Marthe Lazarus: I find it very difficult to be photographed by others. That is probably why I practice self-portraiture so much.
An essential photography book?
Marthe Lazarus: Coming and Going by Jim Goldberg. I am a passionate bibliophile: I buy a huge number of photography books. I also produce my own in the form of self-published editions. It is an important aspect of my work.
What is the last photograph you took?
Marthe Lazarus: Views of my exhibition.
On social media, are you more Instagram, Facebook, or TikTok?
Marthe Lazarus: Instagram.
What has changed in photography since the rise of social media?
Marthe Lazarus: Instagram has created an image effect: some works appear very interesting on a screen and disappoint when seen in person. But it is also a tremendous tool for dissemination, observation, and exchange. I discover other people’s work there, and I show my own.
An Instagram account everyone should follow?
Marthe Lazarus: Japanese Avant-Garde Books.
What is your view of AI?
Marthe Lazarus: Like everyone else, I find it fascinating and dangerous, especially for democracy, individual freedoms, and employment. Going further, I would ask myself what AI’s view of me is. It is offered to me in the form of extraordinary retouching tools, for example. What is it learning about me when I use it? And what will it do with that information?
Color or black and white?
Marthe Lazarus: Color. I can always convert it to black and white later if I feel like it.
Natural light or artificial light?
Marthe Lazarus: I like it when the two are mixed.
Which city seems the most photogenic to you?
Marthe Lazarus: The grass is always greener elsewhere!
The city, country, or culture you dream of discovering?
Marthe Lazarus: Tanzania. To see the great animals. A kind of Garden of Eden.
A place you never tire of?
Marthe Lazarus: My bed.
The image that best represents the current state of the world?
Marthe Lazarus: A drone.
In your opinion, what is missing from the world today?
Marthe Lazarus: What an immense question… It is too big for me.
If God existed, would you ask Him to pose for you, or would you opt for a selfie with Him?
Marthe Lazarus: I would ask Him for nothing. On the other hand, I would find it very amusing if He wanted to be photographed or demanded selfies with His admirers.
Your favorite drug?
Marthe Lazarus: Television.
Your best way to disconnect?
Marthe Lazarus: I have a hard time disconnecting. But there is Tetris on my phone. I spend far too much time playing it.
Your latest extravagance?
Marthe Lazarus: A naïve painting of a horse, bought on Le Bon Coin. I am fascinated by vintage and kitsch objects.
Your greatest professional extravagance?
Marthe Lazarus: Presenting collages made from screenshots taken on the web to a photography competition that worshipped polished imagery. Unsurprisingly, I was not selected!
A profession you would not have liked to do?
Marthe Lazarus: There is no such thing as a foolish profession.

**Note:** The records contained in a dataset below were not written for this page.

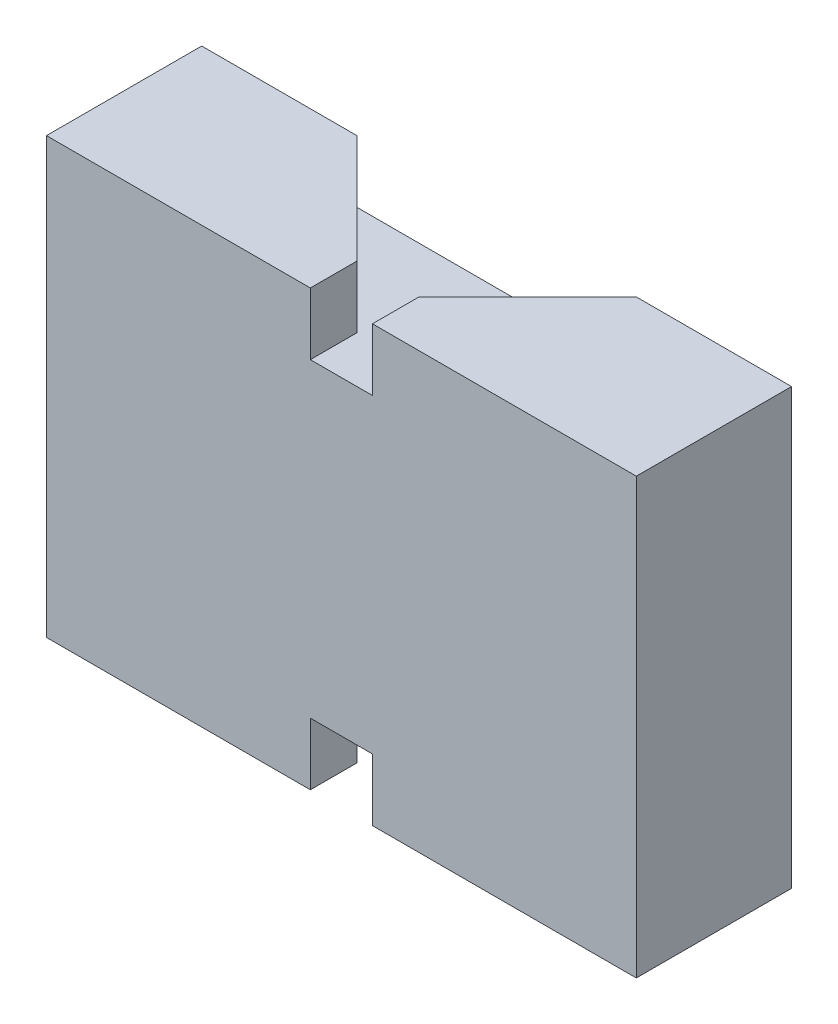
SolidWorks part; units mm, degrees
ref_plane "Front Plane" through (0, 0, 0) normal (0, 0, 1) x (1, 0, 0)
ref_plane "Top Plane" through (0, 0, 0) normal (0, 1, 0) x (1, 0, 0)
ref_plane "Right Plane" through (0, 0, 0) normal (1, 0, 0) x (0, 0, -1)
sketch "Sketch1" plane through (0, 0, 0) normal (0, 0, 1) x (1, 0, 0)
  line L1 (-95, -70) -> (95, -70)
  line L2 (-95, -70) -> (-95, 70)
  line L3 (-95, 70) -> (95, 70)
  line L4 (95, -70) -> (95, 70)
  line L5 (-95, -70) -> (95, 70) construction
  line L6 (-95, 70) -> (95, -70) construction
  point P0 (0, 0)
extrude "Boss-Extrude1" add sketch "Sketch1" along normal blind 50
sketch "Sketch2" plane through (0, -70, 0) normal (0, -1, 0) x (-1, 0, 0)
  line L0 (0, -50) -> (0, 0) construction
  line L1 (95, -50) -> (-95, -50) construction
  line L2 (95, 0) -> (-95, 0) construction
  line L3 (-10, -50) -> (10, -50)
  line L4 (45, 0) -> (-45, 0)
  line L5 (10, -50) -> (10, -35)
  line L6 (10, -35) -> (45, 0)
  line L7 (-10, -35) -> (-45, 0)
  line L8 (-10, -50) -> (-10, -35)
  dimension "D1" = 15
  dimension "D2" = 45
extrude "Cut-Extrude1" cut sketch "Sketch2" against normal blind 20
sketch "Sketch3" plane through (0, 0, 50) normal (0, 0, 1) x (1, 0, 0)
  line L0 (-95, 0) -> (95, 0) construction
  line L1 (-95, 70) -> (-95, -70) construction
  line L2 (95, -70) -> (95, 70) construction
ref_plane "Plane1" through (0, 0, 0) normal (0, -1, 0) x (1, 0, 0)
mirror "Mirror1" about plane through (0, 0, 0) normal (0, -1, 0) of "Cut-Extrude1"
sketch "Sketch4" plane through (0, 0, 50) normal (0, 0, 1) x (1, 0, 0)
  line L0 (-95, 0) -> (95, 0) construction
  line L1 (-95, 70) -> (-95, -70) construction
  line L2 (95, -70) -> (95, 70) construction
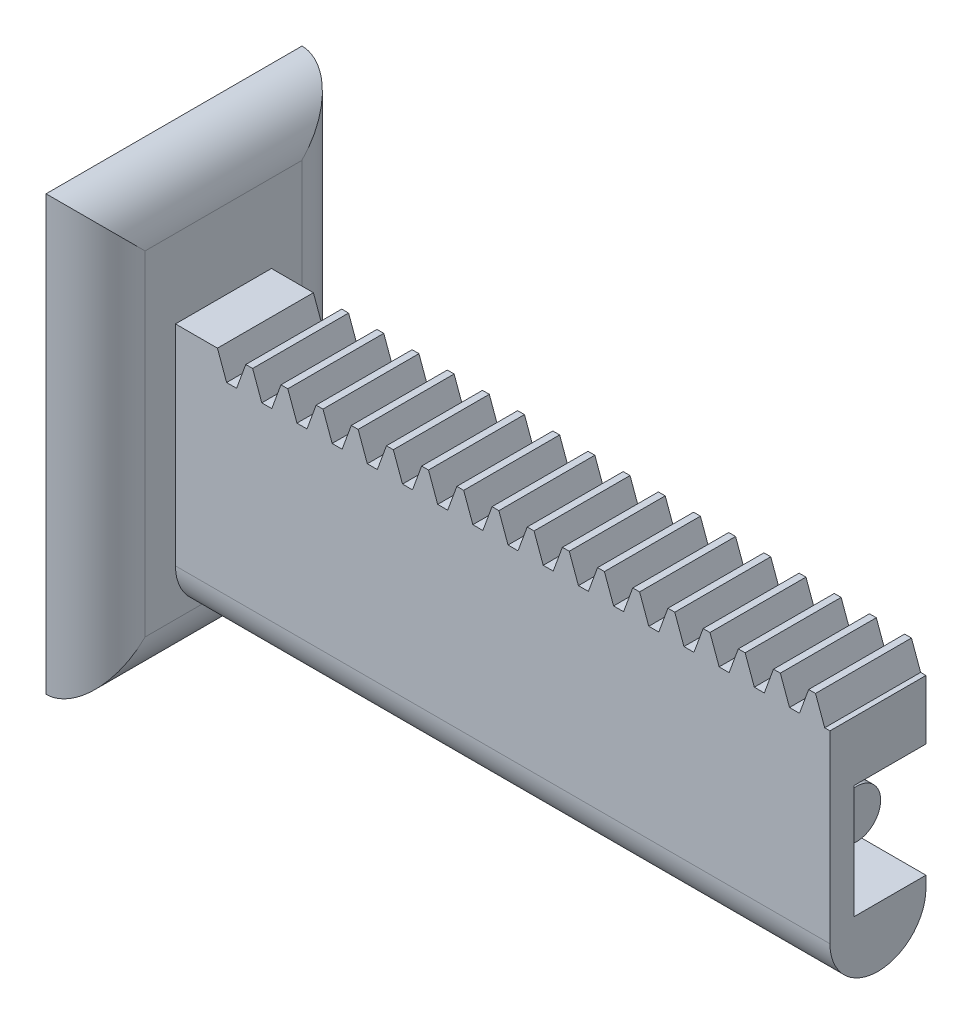
SolidWorks part; units mm, degrees
extrude "Blank" add sketch "BlankSke" against normal blind 4
sketch "BlankSke" plane through (0, 0, 0) normal (0, 0, 1) x (1, 0, 0)
  line L1 (0, 0) -> (44, 0)
  line L2 (0, 0) -> (0, 16.7)
  line L3 (0, 16.7) -> (44, 16.7)
  line L4 (44, 0) -> (44, 16.7)
  dimension "Length" = 44
  dimension "Blank_height" = 16.7
ref_plane "Plane1" through (0, 0, 0) normal (0, 0, 1) x (1, 0, 0)
ref_plane "Plane2" through (0, 0, 0) normal (0, 1, 0) x (1, 0, 0)
ref_plane "Plane3" through (0, 0, 0) normal (1, 0, 0) x (0, 0, -1)
sketch "HoldingSke" plane through (0, 0, 0) normal (0, 1, 0) x (1, 0, 0)
  line L0 (0, 0) -> (0.1988, 1.4147)
  line L1 (-15, 0) -> (100, 0) construction
  line L2 (0, 0) -> (-2.1039, 2.3779)
  line L3 (0, 0) -> (-11.863, 4.5341)
  line L4 (0, 0) -> (8.0072, 3.2351)
  line L5 (0, 0) -> (-23.7986, -8.8762)
  line L6 (0, 0) -> (-10.5278, -7.1032)
  line L9 (-71.009, 38.7566) -> (-29.6625, 53.8055)
  line L10 (-76.2, 3.0779) -> (-60.2, 3.0779)
  line L11 (0, 0) -> (-4, 0)
  line L12 (-76.2, 101.6) -> (-76.173, 101.6)
  line L13 (24.9733, 27.94) -> (52.9518, 28.4284)
  line L14 (24.9733, 27.94) -> (24.9743, 27.94)
  line L15 (24.9733, 27.94) -> (100.4006, 29.5858)
  circle A0 centre (0, 0) radius 19.05
  circle A1 centre (0, 0) radius 8
  circle A2 centre (0, 0) radius 12.7
  dimension "MPH" = 16
  dimension "Diameter" = 38.1
  dimension "Num_teeth" = 22
  dimension "Pitch" = 1.4286
  dimension "Show_teeth" = 998
  dimension "Thickness" = 12.7
  dimension "Ap" = 20
  dimension "Pitch_height" = 16
  dimension "Width" = 4
  dimension "Backlash" = 0.027
  dimension "Addendum_fac" = 1
  dimension "Dedendum_fac" = 1.25
  dimension "Clearance_fac" = 0.25
  dimension "Dedendum_add" = 0.001
  dimension "Length" = 44
  dimension "Module" = 0.7
sketch "TooCutSkeIll" plane through (0, 0, 0) normal (0, 0, 1) x (1, 0, 0)
  line L0 (-0.8789, 16.6816) -> (-0.3545, 15.2408)
  line L1 (-0.1891, 15.125) -> (0.1891, 15.125)
  line L2 (0.3545, 15.2408) -> (0.8789, 16.6816)
  line L3 (44, 16.7) -> (0, 16.7) construction
  line L4 (0, 0) -> (0, 64.897) construction
  line L5 (-13.208, 16) -> (12.954, 16) construction
  line L6 (0, 0) -> (44, 0) construction
  line L7 (0.6308, 16) -> (0.6308, 48.7463) construction
  line L8 (-0.6308, 16) -> (-0.6308, 48.7463) construction
  line L9 (0.9052, 16.7) -> (0.9052, 16.7254)
  line L10 (-0.9052, 16.7) -> (-0.9052, 16.7254)
  line L11 (-0.9052, 16.7254) -> (0.9052, 16.7254)
  arc A0 (0.1891, 15.125) -> (0.3545, 15.2408) centre (0.1891, 15.301) ccw
  arc A1 (-0.3545, 15.2408) -> (-0.1891, 15.125) centre (-0.1891, 15.301) ccw
  arc A2 (0.9052, 16.7) -> (0.8789, 16.6816) centre (0.9052, 16.672) ccw
  arc A3 (-0.8789, 16.6816) -> (-0.9052, 16.7) centre (-0.9052, 16.672) ccw
  dimension "Pitch_height" = 16
  dimension "Addendum_plus" = 0.7254
  dimension "Pressure_angle" = 20
  dimension "Gap_width" = 1.2616
  dimension "Dedendum" = 0.875
extrude "ToothCutIll" [suppressed] cut sketch "TooCutSkeIll" against normal through all
sketch "TooCutSkeSim" plane through (0, 0, 0) normal (0, 0, 1) x (1, 0, 0)
  line L0 (0.3123, 15.125) -> (-0.3123, 15.125)
  line L1 (0.8948, 16.7254) -> (0.3123, 15.125)
  line L2 (0, 17.4625) -> (0, 53.467) construction
  line L3 (0.8948, 16.7254) -> (-0.8948, 16.7254)
  line L6 (-0.8948, 16.7254) -> (-0.3123, 15.125)
  line L9 (-0.6308, 16) -> (0.6308, 16) construction
  line L10 (0, 0) -> (44, 0) construction
  line L11 (0.6308, 16) -> (0.6308, 53.467) construction
  line L12 (-0.6308, 16) -> (-0.6308, 53.467) construction
  dimension "Pitch_height" = 16
  dimension "Addendum_plus" = 0.7254
  dimension "Pressure_angle" = 20
  dimension "Gap_width" = 1.2616
  dimension "Dedendum" = 0.875
extrude "ToothCutSim" cut sketch "TooCutSkeSim" against normal through all
pattern_linear "TeethCuts" count 22 spacing 2.1991 along (1, 0, 0) of "ToothCutIll", "ToothCutSim"
sketch "Croquis1" plane through (0, 0, 0) normal (0, -1, 0) x (1, 0, 0)
  line L4 (44, 0) -> (0, 0)
  line L5 (0, 0) -> (0, -4)
  line L6 (0, -4) -> (44, -4)
  line L7 (44, -4) -> (44, 0)
  line L8 (44, 0) -> (0, 0)
  line L9 (0, 0) -> (0, -4)
  line L10 (0, -4) -> (44, -4)
  line L11 (44, -4) -> (44, 0)
  dimension "D1" = 0
sketch "Croquis2" plane through (0, 0, 0) normal (0, -1, 0) x (1, 0, 0)
  line L4 (44, 0) -> (0, 0)
  line L5 (0, 0) -> (0, -4)
  line L6 (0, -4) -> (44, -4)
  line L7 (44, -4) -> (44, 0)
  line L8 (44, 0) -> (0, 0)
  line L9 (0, 0) -> (0, -4)
  line L10 (0, -4) -> (44, -4)
  line L11 (44, -4) -> (44, 0)
  dimension "D1" = 0
extrude "Cortar-Extruir2" cut sketch "Croquis2" against normal blind 0.6
sketch "Croquis3" plane through (44, 0, 0) normal (1, 0, 0) x (0, 0, -1)
  line L0 (0, 7.8625) -> (4, 7.8625)
  line L1 (0, 0.6) -> (0, 15.125) construction
  line L2 (4, 0.6) -> (4, 15.125) construction
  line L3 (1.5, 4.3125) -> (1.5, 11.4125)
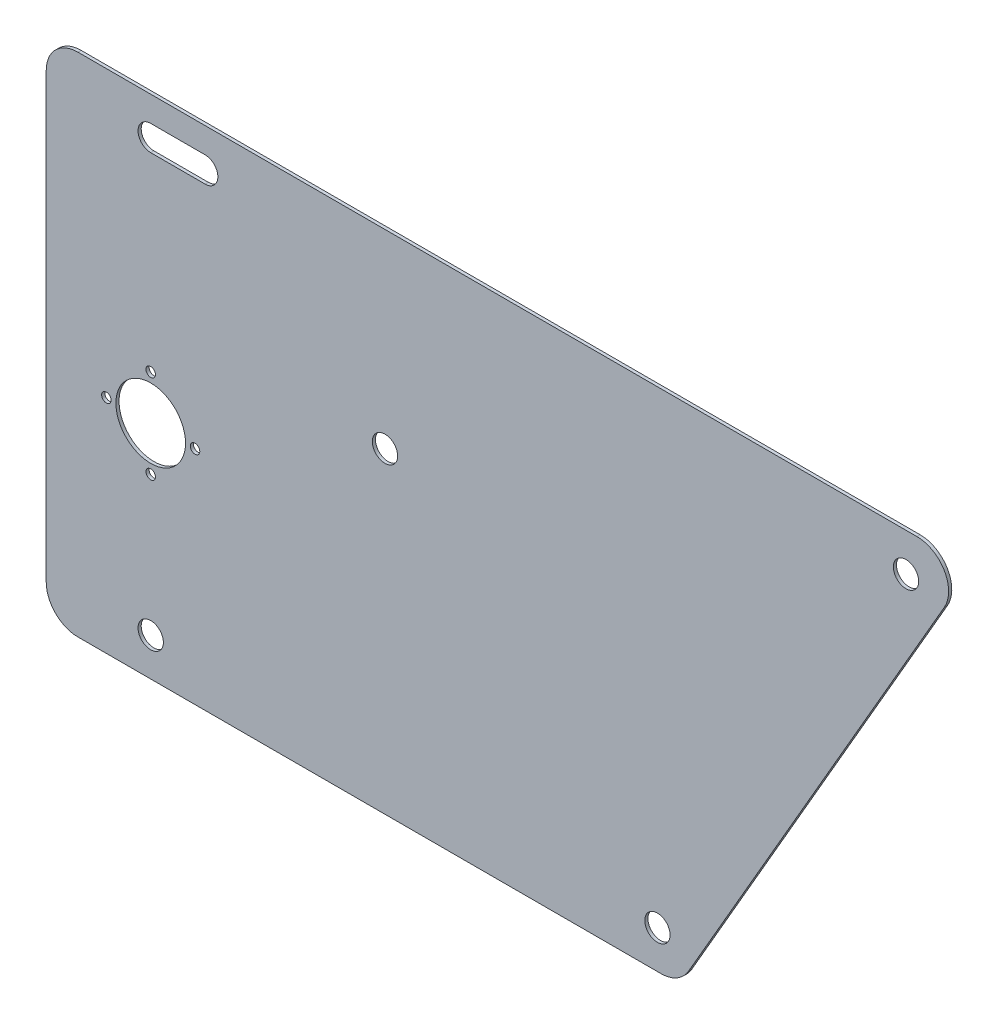
SolidWorks part; units mm, degrees
ref_plane "Front Plane" through (0, 0, 0) normal (0, 0, 1) x (1, 0, 0)
ref_plane "Top Plane" through (0, 0, 0) normal (0, 1, 0) x (1, 0, 0)
ref_plane "Right Plane" through (0, 0, 0) normal (1, 0, 0) x (0, 0, -1)
sketch "Sketch1" plane through (0, 0, 0) normal (0, 0, 1) x (1, 0, 0)
  line L0 (100, 80) -> (192.376, 80)
  line L1 (-100, -80) -> (100, -80)
  line L2 (-100, -80) -> (-100, 80)
  line L3 (-100, 80) -> (100, 80)
  line L4 (100, -80) -> (100, 80)
  line L5 (-100, -80) -> (100, 80) construction
  line L6 (-100, 80) -> (100, -80) construction
  line L7 (192.376, 80) -> (100, -80)
  line L8 (100, 80) -> (100, -80)
  point P0 (0, 0)
  dimension "D1" = 160
  dimension "D2" = 200
  dimension "D3" = 30
extrude "Boss-Extrude1" add sketch "Sketch1" along normal blind 1 contours L1 L4 L3 L2 | L7 L0 L4 region at (0, 0, 0) region at (130.792, 26.6667, 0)
fillet "Fillet1" radius 10 4 edges at (192.376, 80, 0.5) (100, -80, 0.5) (-100, -80, 0.5) (-100, 80, 0.5)
sketch "Sketch2" plane through (0, 0, 1) normal (0, 0, 1) x (1, 0, 0)
  line L0 (-90, -80) -> (94.2265, -80) construction
  line L1 (183.7158, 65) -> (102.8868, -75) construction
  line L2 (-90, 80) -> (175.0555, 80) construction
  line L4 (-67, 68) -> (-49.7837, 68) construction
  line L7 (-100, -70) -> (-100, 70) construction
  line L9 (-67, 72) -> (-49.7837, 72)
  line L10 (-67, 64) -> (-49.7837, 64)
  circle A0 centre (93.0718, -68) radius 4
  circle A1 centre (171.5914, 68) radius 4
  circle A2 centre (-67, -10) radius 11
  circle A3 centre (-67, -68) radius 4
  circle A4 centre (-53, -10) radius 1.5
  circle A5 centre (-67, 4) radius 1.5
  circle A6 centre (-81, -10) radius 1.5
  circle A7 centre (-67, -24) radius 1.5
  circle A10 centre (6.9988, 20) radius 4
  arc A11 (-67, 72) -> (-67, 64) centre (-67, 68) ccw
  arc A12 (-49.7837, 64) -> (-49.7837, 72) centre (-49.7837, 68) ccw
  point P12 (-58.3919, 68)
  point P29 (0, 0)
  point P30 (0, 0)
  point P33 (14.4407, -5)
  point P36 (-7.8849, 30)
  point P37 (6.9988, 30)
  dimension "D3" = 8
  dimension "D4" = 8
  dimension "D9" = 22
  dimension "D10" = 8
  dimension "D12" = 3
  dimension "D13" = 3
  dimension "D14" = 3
  dimension "D15" = 3
  dimension "D16" = 14
  dimension "D20" = 4
  dimension "D22" = 8
  dimension "D1" = 12
  dimension "D2" = 12
  dimension "D5" = 12
  dimension "D6" = 12
  dimension "D7" = 33
  dimension "D8" = 70
  dimension "D11" = 12
  dimension "D17" = 14
  dimension "D18" = 14
  dimension "D19" = 14
  dimension "D24" = 60
extrude "Cut-Extrude1" cut sketch "Sketch2" against normal blind 3

Which question unsettles you the most?
Marthe Lazarus: This one.
The last thing you did for the first time?
Marthe Lazarus: Entering the archives of the Bibliothèque nationale de France for a project. It was fascinating.
Your greatest regret?
Marthe Lazarus: Nostalgia is deeply rooted in me, and it is one of the reasons why I return so often to images taken throughout my life, reshaping and layering them. It is a way of reliving moments, reconnecting with people, or revisiting places. But regret is not really part of the way I think. On the other hand, I do have remorse about certain things.
If you had to start all over again?
Marthe Lazarus: I would organize my archives better and keep all my cameras.
If I could arrange your ideal dinner party, who would be at the table?
Marthe Lazarus: My dead.
What do you like people to say about you… afterwards?
Marthe Lazarus: If it is after a dinner at my home: “That was delicious!” Unfortunately, I am terrible cook!
The one thing everyone absolutely must know about you?
Marthe Lazarus: I am deeply attached to my freedom.
One final word?
Marthe Lazarus: I love accidents and surprises.